Required work =
Take each line of the listing that has the string "FURN" and report it.

Data records =

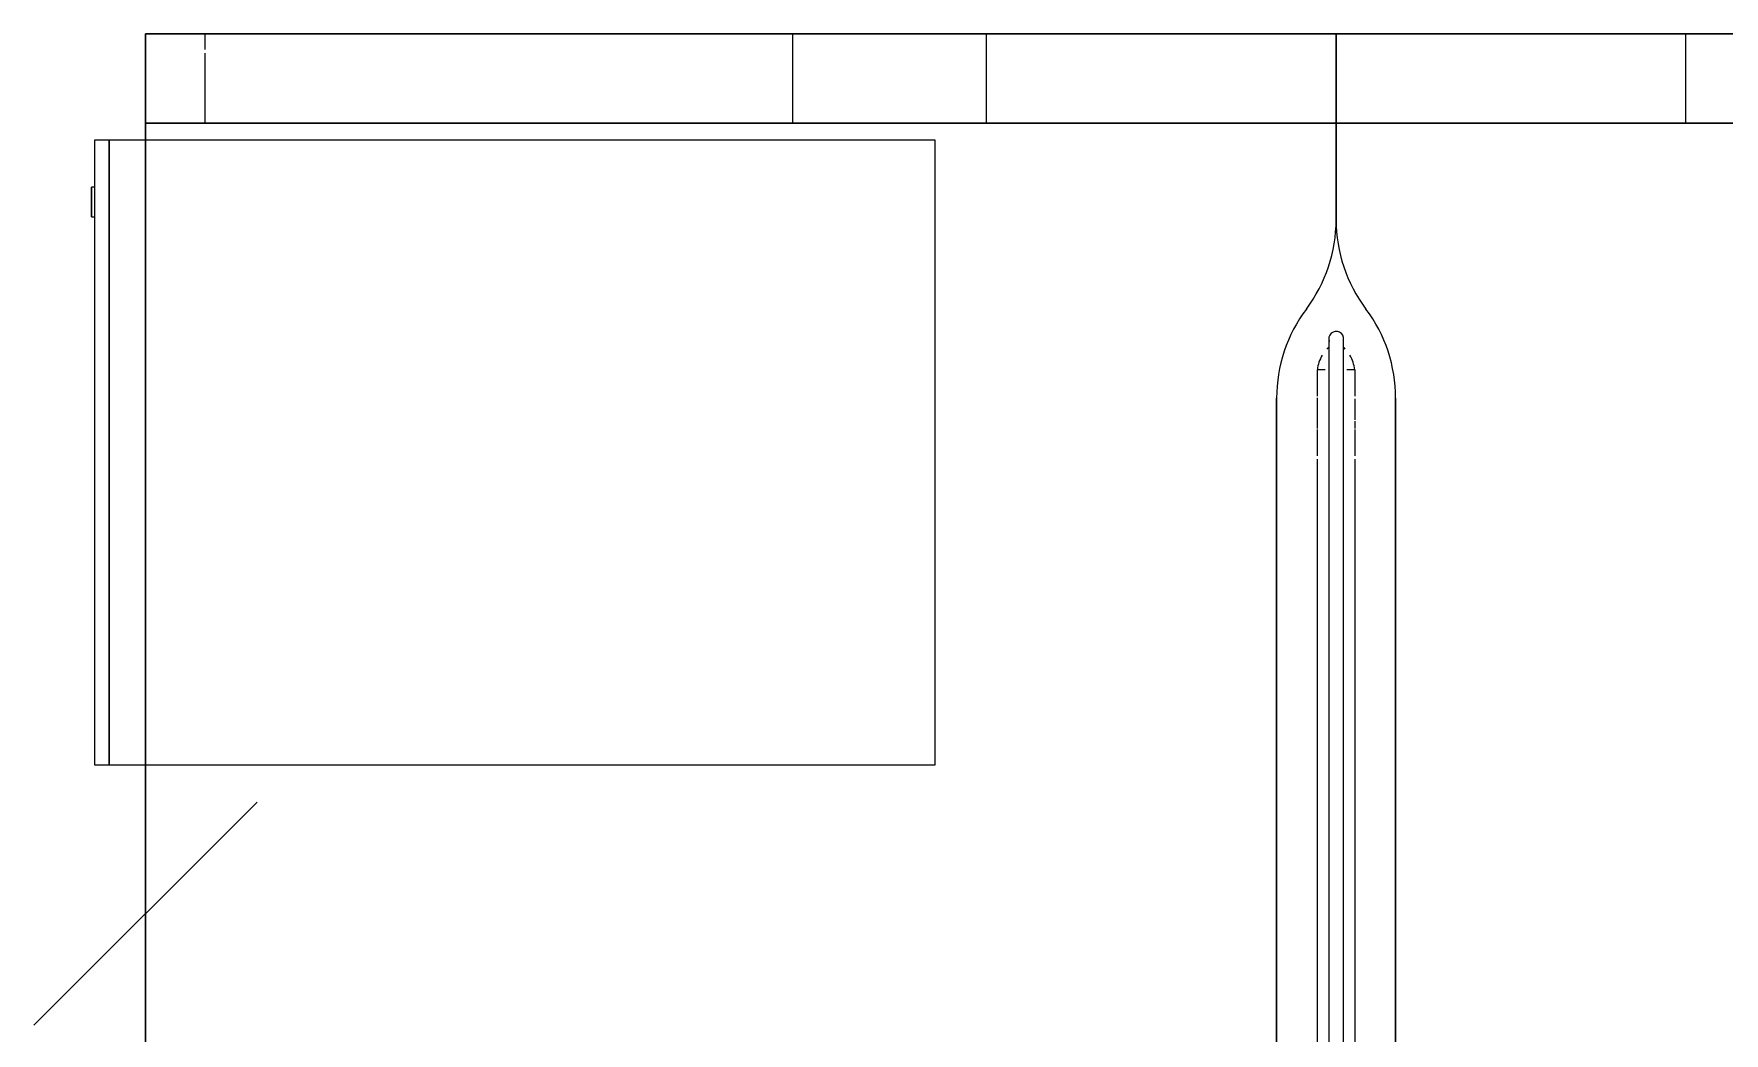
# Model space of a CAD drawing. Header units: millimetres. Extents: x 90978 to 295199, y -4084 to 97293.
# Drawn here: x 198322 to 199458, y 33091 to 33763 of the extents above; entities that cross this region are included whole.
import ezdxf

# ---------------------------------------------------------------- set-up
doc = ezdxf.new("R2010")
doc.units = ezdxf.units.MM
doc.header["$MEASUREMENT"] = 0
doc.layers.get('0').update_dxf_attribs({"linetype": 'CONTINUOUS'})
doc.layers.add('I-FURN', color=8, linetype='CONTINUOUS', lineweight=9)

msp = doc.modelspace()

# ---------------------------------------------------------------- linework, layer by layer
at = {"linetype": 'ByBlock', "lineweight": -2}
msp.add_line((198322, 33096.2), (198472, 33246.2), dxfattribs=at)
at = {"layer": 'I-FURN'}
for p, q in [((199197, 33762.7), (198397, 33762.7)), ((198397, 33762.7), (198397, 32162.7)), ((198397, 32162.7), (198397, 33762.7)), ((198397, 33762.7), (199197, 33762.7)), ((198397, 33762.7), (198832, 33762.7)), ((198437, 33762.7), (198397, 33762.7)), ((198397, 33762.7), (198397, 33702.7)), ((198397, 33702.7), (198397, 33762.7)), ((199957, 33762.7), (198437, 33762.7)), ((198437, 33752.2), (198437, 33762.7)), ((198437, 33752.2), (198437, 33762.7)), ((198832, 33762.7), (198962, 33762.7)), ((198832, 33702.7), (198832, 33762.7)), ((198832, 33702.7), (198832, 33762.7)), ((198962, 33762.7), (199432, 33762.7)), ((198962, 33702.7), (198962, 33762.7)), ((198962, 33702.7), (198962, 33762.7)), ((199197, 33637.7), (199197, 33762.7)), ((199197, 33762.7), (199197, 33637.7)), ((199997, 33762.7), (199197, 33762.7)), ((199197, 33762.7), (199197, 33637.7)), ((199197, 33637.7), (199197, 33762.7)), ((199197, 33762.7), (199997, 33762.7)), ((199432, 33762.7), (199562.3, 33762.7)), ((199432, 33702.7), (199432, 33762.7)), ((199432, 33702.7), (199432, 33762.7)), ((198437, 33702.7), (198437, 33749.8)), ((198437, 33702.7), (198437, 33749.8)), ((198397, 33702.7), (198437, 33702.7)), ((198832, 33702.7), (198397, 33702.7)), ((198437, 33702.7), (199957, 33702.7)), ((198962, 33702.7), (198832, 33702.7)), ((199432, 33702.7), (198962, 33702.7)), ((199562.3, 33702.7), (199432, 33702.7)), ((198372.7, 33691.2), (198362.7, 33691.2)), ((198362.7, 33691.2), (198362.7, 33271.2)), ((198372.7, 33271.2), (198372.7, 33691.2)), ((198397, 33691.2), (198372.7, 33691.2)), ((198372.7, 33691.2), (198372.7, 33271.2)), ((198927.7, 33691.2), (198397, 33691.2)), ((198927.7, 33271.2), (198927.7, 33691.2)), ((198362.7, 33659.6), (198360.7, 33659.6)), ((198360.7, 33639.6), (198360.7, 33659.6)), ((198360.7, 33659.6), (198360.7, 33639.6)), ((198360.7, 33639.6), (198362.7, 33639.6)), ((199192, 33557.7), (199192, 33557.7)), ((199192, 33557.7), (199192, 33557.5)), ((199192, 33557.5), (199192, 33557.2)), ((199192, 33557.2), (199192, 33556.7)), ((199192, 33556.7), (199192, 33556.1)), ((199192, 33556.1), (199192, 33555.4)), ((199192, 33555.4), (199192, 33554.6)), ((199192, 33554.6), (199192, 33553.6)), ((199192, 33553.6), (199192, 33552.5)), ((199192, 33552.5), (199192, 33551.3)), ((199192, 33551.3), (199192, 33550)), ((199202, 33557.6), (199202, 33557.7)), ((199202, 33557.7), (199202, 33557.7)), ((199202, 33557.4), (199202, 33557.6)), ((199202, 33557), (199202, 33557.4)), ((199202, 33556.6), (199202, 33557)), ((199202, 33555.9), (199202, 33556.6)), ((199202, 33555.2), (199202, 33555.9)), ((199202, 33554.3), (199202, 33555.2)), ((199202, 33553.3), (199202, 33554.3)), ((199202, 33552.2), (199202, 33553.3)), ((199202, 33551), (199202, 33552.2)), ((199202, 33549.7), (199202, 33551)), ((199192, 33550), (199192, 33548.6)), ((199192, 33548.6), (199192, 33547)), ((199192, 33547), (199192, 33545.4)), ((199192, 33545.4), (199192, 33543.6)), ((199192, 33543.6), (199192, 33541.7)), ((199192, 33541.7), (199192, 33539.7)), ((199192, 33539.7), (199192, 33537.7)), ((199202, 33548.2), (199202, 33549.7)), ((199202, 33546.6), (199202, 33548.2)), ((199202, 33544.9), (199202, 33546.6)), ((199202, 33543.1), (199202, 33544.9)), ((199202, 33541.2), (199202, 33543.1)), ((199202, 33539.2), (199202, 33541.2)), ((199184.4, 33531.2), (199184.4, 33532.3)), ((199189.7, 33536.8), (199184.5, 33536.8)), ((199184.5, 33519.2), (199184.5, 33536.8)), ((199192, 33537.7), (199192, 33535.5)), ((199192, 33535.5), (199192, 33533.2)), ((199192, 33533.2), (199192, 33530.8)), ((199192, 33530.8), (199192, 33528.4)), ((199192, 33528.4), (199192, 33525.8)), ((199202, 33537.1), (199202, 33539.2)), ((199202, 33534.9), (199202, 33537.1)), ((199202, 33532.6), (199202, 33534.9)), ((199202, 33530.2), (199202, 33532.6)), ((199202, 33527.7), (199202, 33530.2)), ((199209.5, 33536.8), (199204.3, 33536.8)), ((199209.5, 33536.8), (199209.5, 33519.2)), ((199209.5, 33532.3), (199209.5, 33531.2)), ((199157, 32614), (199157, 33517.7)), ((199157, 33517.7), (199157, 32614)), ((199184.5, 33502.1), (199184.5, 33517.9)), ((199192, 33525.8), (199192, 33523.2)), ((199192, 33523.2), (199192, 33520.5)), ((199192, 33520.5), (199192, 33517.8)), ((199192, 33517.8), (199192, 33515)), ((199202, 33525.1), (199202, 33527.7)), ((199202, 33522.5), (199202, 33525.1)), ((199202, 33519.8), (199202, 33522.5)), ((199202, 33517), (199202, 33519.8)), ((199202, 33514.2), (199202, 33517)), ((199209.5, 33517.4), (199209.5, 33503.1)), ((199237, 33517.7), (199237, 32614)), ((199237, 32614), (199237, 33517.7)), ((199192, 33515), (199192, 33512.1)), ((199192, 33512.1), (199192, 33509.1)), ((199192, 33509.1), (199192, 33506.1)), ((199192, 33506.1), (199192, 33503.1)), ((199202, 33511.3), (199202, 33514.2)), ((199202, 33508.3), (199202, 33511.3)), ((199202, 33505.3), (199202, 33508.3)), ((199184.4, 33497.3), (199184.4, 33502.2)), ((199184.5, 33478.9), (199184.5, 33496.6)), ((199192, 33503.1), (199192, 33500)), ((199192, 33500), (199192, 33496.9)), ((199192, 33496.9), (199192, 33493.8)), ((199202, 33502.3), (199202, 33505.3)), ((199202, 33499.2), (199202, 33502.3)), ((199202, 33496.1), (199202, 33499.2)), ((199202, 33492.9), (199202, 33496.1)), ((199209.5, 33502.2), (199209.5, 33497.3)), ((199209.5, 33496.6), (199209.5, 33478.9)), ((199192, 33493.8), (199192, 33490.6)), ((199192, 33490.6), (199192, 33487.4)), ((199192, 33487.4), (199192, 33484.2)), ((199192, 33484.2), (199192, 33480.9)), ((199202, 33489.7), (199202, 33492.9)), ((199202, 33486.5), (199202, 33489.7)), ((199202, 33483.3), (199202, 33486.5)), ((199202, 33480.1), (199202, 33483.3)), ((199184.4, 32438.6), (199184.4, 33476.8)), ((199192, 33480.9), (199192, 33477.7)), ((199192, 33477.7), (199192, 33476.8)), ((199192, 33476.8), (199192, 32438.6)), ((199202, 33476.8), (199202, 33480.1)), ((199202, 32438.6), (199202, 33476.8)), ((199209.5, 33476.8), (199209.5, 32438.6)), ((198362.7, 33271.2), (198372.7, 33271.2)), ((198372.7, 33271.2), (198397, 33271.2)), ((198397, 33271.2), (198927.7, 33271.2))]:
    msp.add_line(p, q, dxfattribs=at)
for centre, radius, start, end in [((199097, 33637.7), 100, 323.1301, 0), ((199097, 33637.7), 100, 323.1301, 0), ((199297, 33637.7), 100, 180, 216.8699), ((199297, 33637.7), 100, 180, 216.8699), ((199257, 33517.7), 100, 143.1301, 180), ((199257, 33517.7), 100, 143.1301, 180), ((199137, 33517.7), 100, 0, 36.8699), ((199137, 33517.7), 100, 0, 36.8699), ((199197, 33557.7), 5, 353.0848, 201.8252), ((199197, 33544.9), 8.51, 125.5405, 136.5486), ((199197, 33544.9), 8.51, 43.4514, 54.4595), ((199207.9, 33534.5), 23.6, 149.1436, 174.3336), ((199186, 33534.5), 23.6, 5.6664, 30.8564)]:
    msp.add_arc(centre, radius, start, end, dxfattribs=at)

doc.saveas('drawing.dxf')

Written answer =
doc.layers.add('I-FURN', color=8, linetype='CONTINUOUS', lineweight=9)
at = {"layer": 'I-FURN'}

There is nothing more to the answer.